KG Berlin v. 15.08.2005: Zur Haftung bei einem Unfall zwischen Überholer und Linksabbieger


Das Kammergericht Berlin (Urteil vom 15.08.2005 - 12 U 41/05) hat entschieden:
  1. Kommt es in einem unmittelbaren örtlichen und zeitlichen Zusammenhang mit dem Linksabbiegen zu einer Kollision mit einem links überholenden Fahrzeug, spricht der Beweis des ersten Anscheins für eine Sorgfaltspflichtverletzung des Linksabbiegers.

  2. Wegen der besonderen Sorgfaltspflichten des Linksabbiegers haftet dieser im Falle einer Kollision mit einem ordnungsgemäß überholenden Kfz grundsätzlich allein, wobei die Betriebsgefahr des Überholers zurücktritt.

Siehe auch Überholen allgemein und Stichwörter zum Thema Überholen


Aus den Entscheidungsgründen:

"... 1. Schadensersatzansprüche aus §§ 7, 17, 18 StVG, § 3 Nr. 1 und 2 Pflichtversicherungsgesetz, § 823 BGB stehen der Klägerin gegen den Beklagten aus dem Verkehrsunfall, der sich am 7. Oktober 2000 gegen 15.00 Uhr auf der in Berlin gelegenen Kreuzung T./B.straße ereignet hat, nicht zu.

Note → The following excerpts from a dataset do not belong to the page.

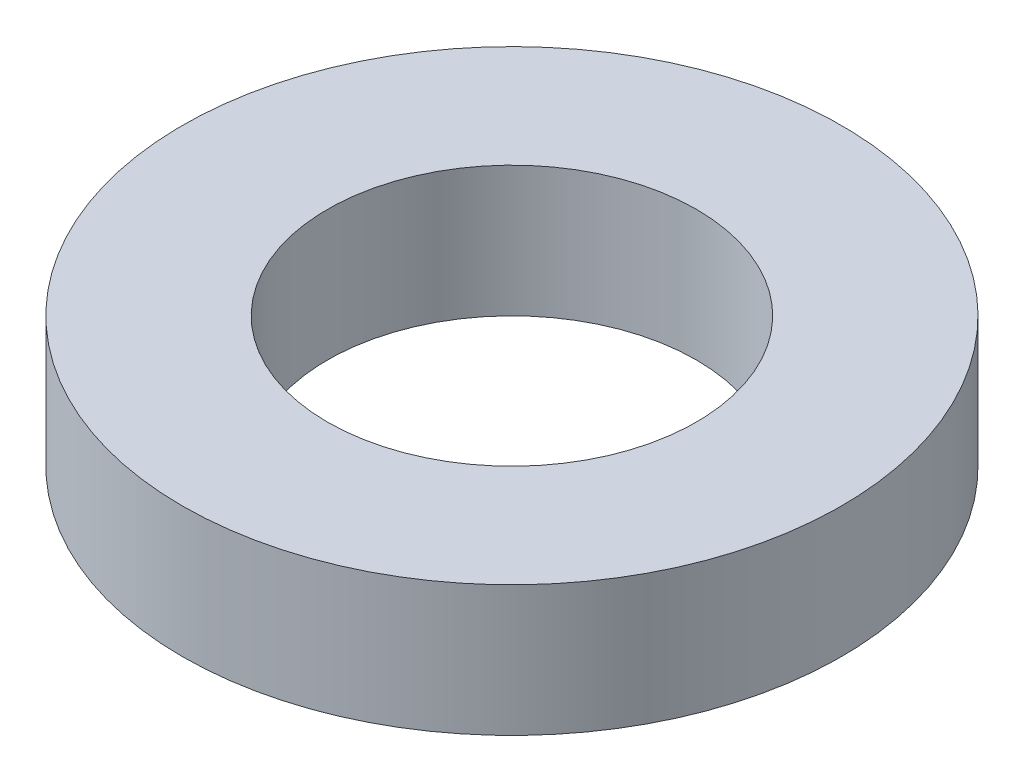
SolidWorks part; units mm, degrees
ref_plane "Front Plane" through (0, 0, 0) normal (0, 0, 1) x (1, 0, 0)
ref_plane "Top Plane" through (0, 0, 0) normal (0, 1, 0) x (1, 0, 0)
ref_plane "Right Plane" through (0, 0, 0) normal (1, 0, 0) x (0, 0, -1)
sketch "Sketch1" plane through (0, 0, 0) normal (0, 1, 0) x (1, 0, 0)
  circle A0 centre (0, 0) radius 126.27
  dimension "D1" = 252.54
extrude "Boss-Extrude1" add sketch "Sketch1" along normal blind 50
sketch "Sketch3" plane through (0, 50, 0) normal (0, 1, 0) x (1, 0, 0)
  circle A0 centre (0, 0) radius 70.6458
extrude "Cut-Extrude1" cut sketch "Sketch3" against normal through all

a) Zutreffend ist das Amtsgericht in dem angefochtenen Urteil davon ausgegangen, dass gegen die Fahrerin des klägerischen Fahrzeugs, die Zeugin v.B., der Beweis des ersten Anscheins dafür spricht, die beim Linksabbiegen nach § 9 Abs. 1 StVO zu beachtenden Sorgfaltspflichten verletzt zu haben, da sich der Unfall unstreitig im unmittelbaren örtlichen und zeitlichen Zusammenhang mit dem Linksabbiegevorgang der Fahrerin des klägerischen Fahrzeugs ereignet hat (vgl. Senat, DAR 2002, 557; Urteil vom 6. Dezember 2004, 12 U 21/04, st. Rspr.). Dem Amtsgericht ist auch darin zu folgen, dass die Klägerin nach dem Ergebnis der Beweisaufnahme nicht bewiesen hat, dass sich die Fahrerin des klägerischen Fahrzeugs, wie dies in § 9 Abs. 1 StVO vorgeschrieben ist, äußerst links eingeordnet hat (Urteil Seite 4). Das Berufungsgericht folgt dem Amtsgericht auch darin, dass hinsichtlich der Frage, ob Frau v.B. als Fahrerin des klägerischen Fahrzeugs vor dem Einbiegen den linken Blinker gesetzt hat, keine Veranlassung besteht, den klägerischen Zeugen T., Gräfin v.B. und B. mehr Glauben zu schenken als den von den Beklagten benannten Zeugen S. und K., die übereinstimmend bekundet haben, die Zeugin v.B. habe das klägerische Fahrzeug plötzlich nach links gelenkt, ohne vorher den Blinker gesetzt zu haben.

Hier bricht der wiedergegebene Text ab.